Los rojos criollos tienen mucho más que perder que los comunistas
cubanos. Al lado de Venezuela, la isla antillana era una nación modesta que no
contaba con nada parecido a Pdvsa, a la CVG
o al Bandes. La alta jerarquía del ejército cubano no podía enriquecerse
con dólares preferenciales, con el contrabando de extracción o con las
millonarias compras de buques o armamento chatarra. En Venezuela la situación
es completamente diferente. Muchas de
las fortunas súbitas e inmensas que se
conocen, se han amasado bajo la sombra del Estado chavista. Es sobre esta red
de corrupción y privilegios que se mantiene el régimen. Sobre esa inmensa malla
se sostienen dirigentes políticos, militares, empresarios, jueces, policías,
allegados al régimen. El mérito de los rojos, con la asesoría cubana, fue haber
organizado un tinglado tan férreo como las pirámides egipcias.

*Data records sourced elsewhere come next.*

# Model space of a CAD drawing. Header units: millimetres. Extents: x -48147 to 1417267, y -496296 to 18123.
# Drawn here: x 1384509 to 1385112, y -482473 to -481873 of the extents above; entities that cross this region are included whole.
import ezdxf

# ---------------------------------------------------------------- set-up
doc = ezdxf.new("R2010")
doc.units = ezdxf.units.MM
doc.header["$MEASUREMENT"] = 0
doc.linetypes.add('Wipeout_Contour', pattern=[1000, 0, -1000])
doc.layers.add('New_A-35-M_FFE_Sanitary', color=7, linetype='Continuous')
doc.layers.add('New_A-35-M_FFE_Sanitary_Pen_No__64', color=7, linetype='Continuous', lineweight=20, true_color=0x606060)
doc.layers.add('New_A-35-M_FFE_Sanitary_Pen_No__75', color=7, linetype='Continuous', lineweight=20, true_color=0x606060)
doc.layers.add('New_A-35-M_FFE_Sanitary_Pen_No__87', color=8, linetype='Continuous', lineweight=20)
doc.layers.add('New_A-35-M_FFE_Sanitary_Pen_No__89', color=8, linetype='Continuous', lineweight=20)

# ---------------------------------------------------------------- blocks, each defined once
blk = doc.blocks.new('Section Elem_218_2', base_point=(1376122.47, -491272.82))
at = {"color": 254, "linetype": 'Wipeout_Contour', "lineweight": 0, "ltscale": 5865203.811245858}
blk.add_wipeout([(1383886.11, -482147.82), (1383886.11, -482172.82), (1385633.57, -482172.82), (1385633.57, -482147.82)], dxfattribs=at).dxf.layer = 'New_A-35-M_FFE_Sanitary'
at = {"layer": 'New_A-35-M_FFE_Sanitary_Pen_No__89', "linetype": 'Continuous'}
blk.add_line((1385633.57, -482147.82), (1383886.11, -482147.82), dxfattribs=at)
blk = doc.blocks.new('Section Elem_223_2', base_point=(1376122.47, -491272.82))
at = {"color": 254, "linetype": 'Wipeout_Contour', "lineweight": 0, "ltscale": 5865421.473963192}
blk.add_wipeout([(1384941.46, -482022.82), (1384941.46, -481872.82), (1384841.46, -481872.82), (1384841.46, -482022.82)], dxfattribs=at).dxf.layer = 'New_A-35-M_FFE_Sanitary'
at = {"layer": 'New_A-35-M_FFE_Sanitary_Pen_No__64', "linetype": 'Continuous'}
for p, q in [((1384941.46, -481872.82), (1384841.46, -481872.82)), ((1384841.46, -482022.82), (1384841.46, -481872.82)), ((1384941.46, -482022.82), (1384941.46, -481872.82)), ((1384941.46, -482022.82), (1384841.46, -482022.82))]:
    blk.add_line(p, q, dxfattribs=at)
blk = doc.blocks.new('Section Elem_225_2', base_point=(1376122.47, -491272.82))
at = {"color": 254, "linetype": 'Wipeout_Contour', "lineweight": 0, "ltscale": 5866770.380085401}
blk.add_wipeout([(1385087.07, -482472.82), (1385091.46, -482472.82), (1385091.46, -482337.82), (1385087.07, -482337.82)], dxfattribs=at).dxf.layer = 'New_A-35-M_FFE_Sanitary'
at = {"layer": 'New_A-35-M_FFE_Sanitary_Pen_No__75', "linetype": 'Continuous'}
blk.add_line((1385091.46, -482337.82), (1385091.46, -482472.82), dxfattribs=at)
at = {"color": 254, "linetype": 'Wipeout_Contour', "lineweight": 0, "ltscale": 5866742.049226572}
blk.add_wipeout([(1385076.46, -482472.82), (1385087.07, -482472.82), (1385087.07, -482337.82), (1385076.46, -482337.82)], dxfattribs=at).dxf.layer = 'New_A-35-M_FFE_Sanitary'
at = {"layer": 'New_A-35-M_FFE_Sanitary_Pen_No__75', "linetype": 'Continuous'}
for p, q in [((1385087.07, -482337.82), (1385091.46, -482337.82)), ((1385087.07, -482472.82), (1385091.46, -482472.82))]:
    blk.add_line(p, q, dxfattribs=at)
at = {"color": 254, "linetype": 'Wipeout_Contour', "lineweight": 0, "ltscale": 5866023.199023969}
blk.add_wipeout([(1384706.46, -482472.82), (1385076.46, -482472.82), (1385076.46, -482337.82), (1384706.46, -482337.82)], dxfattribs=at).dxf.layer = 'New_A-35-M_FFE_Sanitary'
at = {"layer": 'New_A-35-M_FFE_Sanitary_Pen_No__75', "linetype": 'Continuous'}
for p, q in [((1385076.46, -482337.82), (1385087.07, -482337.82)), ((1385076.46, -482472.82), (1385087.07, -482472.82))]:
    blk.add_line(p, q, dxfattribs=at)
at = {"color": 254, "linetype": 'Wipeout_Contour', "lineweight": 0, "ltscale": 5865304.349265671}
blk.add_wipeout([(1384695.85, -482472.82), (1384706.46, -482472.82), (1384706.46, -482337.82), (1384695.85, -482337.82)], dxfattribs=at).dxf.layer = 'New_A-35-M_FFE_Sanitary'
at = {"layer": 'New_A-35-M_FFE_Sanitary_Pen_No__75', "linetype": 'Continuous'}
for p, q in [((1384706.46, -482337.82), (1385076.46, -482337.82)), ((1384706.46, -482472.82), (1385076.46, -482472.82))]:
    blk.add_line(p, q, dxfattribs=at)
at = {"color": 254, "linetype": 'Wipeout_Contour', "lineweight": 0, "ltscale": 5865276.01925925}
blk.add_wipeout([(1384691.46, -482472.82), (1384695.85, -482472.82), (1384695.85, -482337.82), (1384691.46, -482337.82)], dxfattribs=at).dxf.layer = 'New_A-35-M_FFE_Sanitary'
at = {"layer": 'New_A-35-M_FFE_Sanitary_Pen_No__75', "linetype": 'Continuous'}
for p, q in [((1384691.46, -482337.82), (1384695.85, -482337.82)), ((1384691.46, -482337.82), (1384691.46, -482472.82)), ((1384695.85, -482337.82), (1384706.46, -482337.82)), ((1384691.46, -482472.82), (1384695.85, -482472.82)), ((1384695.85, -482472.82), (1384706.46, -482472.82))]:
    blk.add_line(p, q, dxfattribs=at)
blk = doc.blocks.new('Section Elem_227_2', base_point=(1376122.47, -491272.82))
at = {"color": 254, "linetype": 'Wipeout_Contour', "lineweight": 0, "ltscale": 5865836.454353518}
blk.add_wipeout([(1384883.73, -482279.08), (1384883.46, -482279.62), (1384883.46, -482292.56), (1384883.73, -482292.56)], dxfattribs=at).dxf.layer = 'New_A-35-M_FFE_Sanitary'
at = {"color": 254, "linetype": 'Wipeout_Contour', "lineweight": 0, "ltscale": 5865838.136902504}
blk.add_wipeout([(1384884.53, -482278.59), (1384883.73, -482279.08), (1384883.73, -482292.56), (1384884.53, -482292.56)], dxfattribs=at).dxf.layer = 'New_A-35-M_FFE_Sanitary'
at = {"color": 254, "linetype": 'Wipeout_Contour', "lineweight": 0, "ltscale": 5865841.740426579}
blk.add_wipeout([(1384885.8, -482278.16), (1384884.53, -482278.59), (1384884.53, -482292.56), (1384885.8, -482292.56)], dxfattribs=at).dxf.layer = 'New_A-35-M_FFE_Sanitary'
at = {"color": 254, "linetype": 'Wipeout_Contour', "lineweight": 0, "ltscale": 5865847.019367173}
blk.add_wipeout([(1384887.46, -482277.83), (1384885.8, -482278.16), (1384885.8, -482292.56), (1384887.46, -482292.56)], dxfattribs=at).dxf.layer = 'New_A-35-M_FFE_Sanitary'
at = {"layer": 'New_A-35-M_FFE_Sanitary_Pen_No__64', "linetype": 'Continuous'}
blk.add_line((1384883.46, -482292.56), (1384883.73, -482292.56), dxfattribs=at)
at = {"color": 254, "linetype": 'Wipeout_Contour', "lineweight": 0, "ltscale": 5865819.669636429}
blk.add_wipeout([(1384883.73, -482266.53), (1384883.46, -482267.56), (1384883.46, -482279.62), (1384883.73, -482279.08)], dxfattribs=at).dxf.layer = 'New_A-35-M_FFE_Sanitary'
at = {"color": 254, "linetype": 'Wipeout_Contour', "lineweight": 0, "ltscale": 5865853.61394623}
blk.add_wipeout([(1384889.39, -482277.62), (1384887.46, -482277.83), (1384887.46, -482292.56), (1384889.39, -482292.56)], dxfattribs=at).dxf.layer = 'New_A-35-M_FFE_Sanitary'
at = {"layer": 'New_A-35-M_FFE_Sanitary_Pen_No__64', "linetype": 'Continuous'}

Este monolitismo no se derrumba con episodios aislados, por graves que
sean las conductas de los implicados, sino con un trabajo sostenido en las
organizaciones sindicales, gremiales, estudiantiles, empresariales, campesinas,
informales, tal como hacen los chavistas con sus organizaciones de base. Ese
esfuerzo por abajo es más lento y menos espectacular, pero inevitable, si se
busca fundar la alternativa frente al desmadre actual.
Votar en las próximas elecciones parlamentarias y ganarlas será un paso
enorme en la dirección de construir la nueva mayoría.